Astrocyte regional specialization is shaped by postnatal developmentMargaret E. Schroeder, Dana McCormack, Lukas R. Metzner et al.|bioRxiv (Cold Spring Harbor Laboratory)|2024 Astrocytes are an abundant class of glial cells with critical roles in neural circuit assembly and function. Though many studies have uncovered significant molecular distinctions between astrocytes from different brain regions, how this regionalization unfolds over development is not fully understood. We used single-nucleus RNA sequencing to characterize the molecular diversity of brain cells across six developmental stages and four brain regions in the mouse and marmoset brain. Our analysis of over 170,000 single astrocyte nuclei revealed striking regional heterogeneity among astrocytes, particularly between telencephalic and diencephalic regions, at all developmental time points surveyed in both species.
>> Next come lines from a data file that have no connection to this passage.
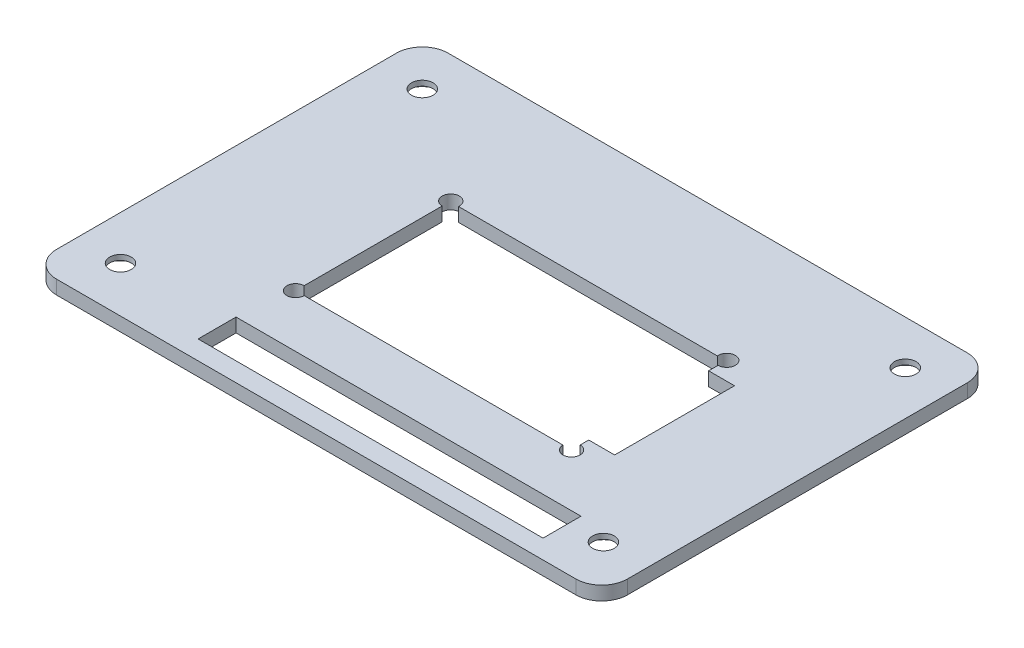
SolidWorks part; units mm, degrees
ref_plane "前视基准面" through (0, 0, 0) normal (0, 0, 1) x (1, 0, 0)
ref_plane "上视基准面" through (0, 0, 0) normal (0, 1, 0) x (1, 0, 0)
ref_plane "右视基准面" through (0, 0, 0) normal (1, 0, 0) x (0, 0, -1)
sketch "草图1" plane through (0, 0, 0) normal (0, 1, 0) x (1, 0, 0)
  line L1 (-30.1, -22.7) -> (30.1, -22.7)
  line L2 (-33.1, -19.7) -> (-33.1, 19.7)
  line L3 (-30.1, 22.7) -> (30.1, 22.7)
  line L4 (33.1, -19.7) -> (33.1, 19.7)
  line L5 (-33.1, -22.7) -> (33.1, 22.7) construction
  line L6 (-33.1, 22.7) -> (33.1, -22.7) construction
  arc A0 (30.1, 22.7) -> (33.1, 19.7) centre (30.1, 19.7) cw
  arc A1 (-33.1, 19.7) -> (-30.1, 22.7) centre (-30.1, 19.7) cw
  arc A2 (30.1, -22.7) -> (33.1, -19.7) centre (30.1, -19.7) ccw
  arc A3 (-30.1, -22.7) -> (-33.1, -19.7) centre (-30.1, -19.7) cw
  point P0 (0, 0)
  dimension "D3" = 3
  dimension "D4" = 3
  dimension "D1" = 45.4
  dimension "D2" = 66.2
extrude "凸台-拉伸1" add sketch "草图1" along normal blind 1.6
sketch "草图5" plane through (0, 0, 0) normal (0, -1, 0) x (1, 0, 0)
  line L0 (-33.1, -19.7) -> (-33.1, 19.7) construction
  line L1 (30.1, -22.7) -> (-30.1, -22.7) construction
  circle A0 centre (-28, -17.6) radius 2.6
  circle A1 centre (28, -17.6) radius 2.6
  circle A2 centre (28, 17.4) radius 2.6
  circle A3 centre (-28, 17.4) radius 2.6
  point P0 (-28, -17.6)
  point P10 (28, -17.6)
  point P13 (28, 17.4)
  point P16 (-28, 17.4)
  dimension "D3" = 5.2
  dimension "D1" = 5.1
  dimension "D2" = 5.1
  dimension "D4" = 2
  dimension "D5" = 2
extrude "正螺丝孔" cut sketch "草图5" against normal blind 1
sketch "草图7" plane through (0, 1, 0) normal (0, -1, 0) x (1, 0, 0)
  circle A0 centre (-28, -17.6) radius 1.25
  circle A1 centre (28, -17.6) radius 1.25
  circle A2 centre (28, 17.4) radius 1.25
  circle A3 centre (-28, 17.4) radius 1.25
  dimension "D1" = 2.5
  dimension "D2" = 2
  dimension "D3" = 2
extrude "背螺丝孔" cut sketch "草图7" against normal up to next
sketch "草图9" plane through (0, 0, 0) normal (0, -1, 0) x (-1, 0, 0)
  line L0 (-30.1, 22.7) -> (30.1, 22.7) construction
  line L5 (33.1, 19.7) -> (33.1, -19.7) construction
  line L6 (30.1, -22.7) -> (-30.1, -22.7) construction
  line L11 (15.9, -20.5) -> (-24.1, -20.5)
  line L12 (15.9, -20.5) -> (15.9, -16.1)
  line L13 (15.9, -16.1) -> (-24.1, -16.1)
  line L14 (-24.1, -20.5) -> (-24.1, -16.1)
  line L15 (-33.1, -19.7) -> (-33.1, 19.7) construction
  line L17 (-15.905, 1008) -> (-15.905, 7.9) construction
  line L18 (-16.9, -8) -> (-16.9, -9)
  line L19 (-15.905, 7.9) -> (14.105, 7.9)
  line L20 (-16.9, 7) -> (-16.9, 5.9)
  line L21 (-15.905, -10) -> (14.1, -10)
  line L22 (15.1, 7) -> (15.1, -9)
  line L23 (-16.9, -8) -> (-19.9, -8)
  line L25 (-16.9, 5.9) -> (-19.9, 5.9)
  line L26 (-19.9, -8) -> (-19.9, 5.9)
  line L27 (-15.905, -10) -> (-15.905, -1011) construction
  arc A0 (14.1, -10) -> (15.1, -9) centre (15.1, -10) ccw
  arc A1 (-16.9, -9) -> (-15.905, -10) centre (-16.905, -10) ccw
  arc A2 (15.1, 7) -> (14.105, 7.9) centre (15.1, 8) ccw
  arc A3 (-15.905, 7.9) -> (-16.9, 7) centre (-16.9, 8) ccw
  dimension "D8" = 2
  dimension "D6" = 2
  dimension "D2" = 32
  dimension "D3" = 18
  dimension "D4" = 14.8
  dimension "D5" = 18
  dimension "D7" = 3
  dimension "D9" = 40
  dimension "D10" = 4.4
  dimension "D11" = 2.2
  dimension "D12" = 9
  dimension "D13" = 2
extrude "切除-拉伸1" cut sketch "草图9" against normal up to next
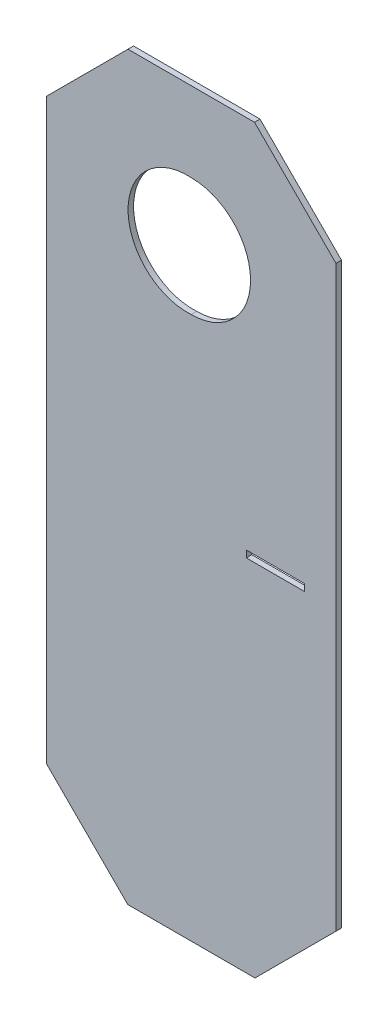
SolidWorks part; units mm, degrees
ref_plane "Спереди" through (0, 0, 0) normal (0, 0, 1) x (1, 0, 0)
ref_plane "Сверху" through (0, 0, 0) normal (0, 1, 0) x (1, 0, 0)
ref_plane "Справа" through (0, 0, 0) normal (1, 0, 0) x (0, 0, -1)
sketch "Эскиз1" plane through (0, 0, 0) normal (0, 0, 1) x (1, 0, 0)
  line L0 (105.0829, 581.7221) -> (45.979, 640.8259)
  line L1 (45.979, 640.8259) -> (-45.8132, 640.8259)
  line L2 (-45.8132, 640.8259) -> (-104.9171, 581.7221)
  line L3 (-104.9171, 581.7221) -> (-104.9171, 162.2129)
  line L4 (-104.9171, 162.2129) -> (-45.9732, 103.269)
  line L5 (-45.9732, 103.269) -> (46.3268, 103.269)
  line L6 (46.3268, 103.269) -> (105.0829, 162.0251)
  line L7 (105.0829, 162.0251) -> (105.0829, 581.7221)
  line L8 (0.0829, 640.8259) -> (0.0829, 703.4762) construction
  dimension "D1" = 105
  dimension "D2" = 105
extrude "Вытянуть1" add sketch "Эскиз1" along normal blind 4
sketch "Эскиз2" plane through (0, 0, 4) normal (0, 0, 1) x (1, 0, 0)
  line L0 (0.1173, 583.0246) -> (0.1173, 601.8308) construction
  arc A0 (0.1173, 497.0246) -> (0.1173, 583.0246) centre (0.1173, 540.0246) ccw
  arc A2 (0.1173, 583.0246) -> (0.1173, 497.0246) centre (-2.6747, 540.0246) ccw
extrude "Вырез-Вытянуть1" cut sketch "Эскиз2" against normal through all
sketch "Эскиз3" plane through (0, 0, 0) normal (0, 0, -1) x (-1, 0, 0)
  line L1 (-40.0192, 369.0881) -> (-82.1887, 369.0881)
  line L2 (-40.0192, 369.0881) -> (-40.0192, 364.0881)
  line L3 (-40.0192, 364.0881) -> (-82.1887, 364.0881)
  line L4 (-82.1887, 369.0881) -> (-82.1887, 364.0881)
extrude "Вырез-Вытянуть2" cut sketch "Эскиз3" against normal through all

At the stages sampled, most of the region patterning was private to astrocytes and not shared with neurons or other glial types. Though astrocytes were already regionally patterned in late embryonic stages, this region-specific astrocyte gene expression signature changed dramatically over postnatal development, and its composition suggests that regional astrocytes further specialize postnatally to support their local neuronal circuits. Across mouse and marmoset, we found hundreds of species differentially expressed genes, as well as divergence in the expression of astrocytic region- and age-differentially expressed genes and the timing of astrocyte maturation relative to birth between the species. Finally, we used expansion microscopy to show that astrocyte morphology is also regionally specialized across cortex, striatum, and thalamus in the mouse.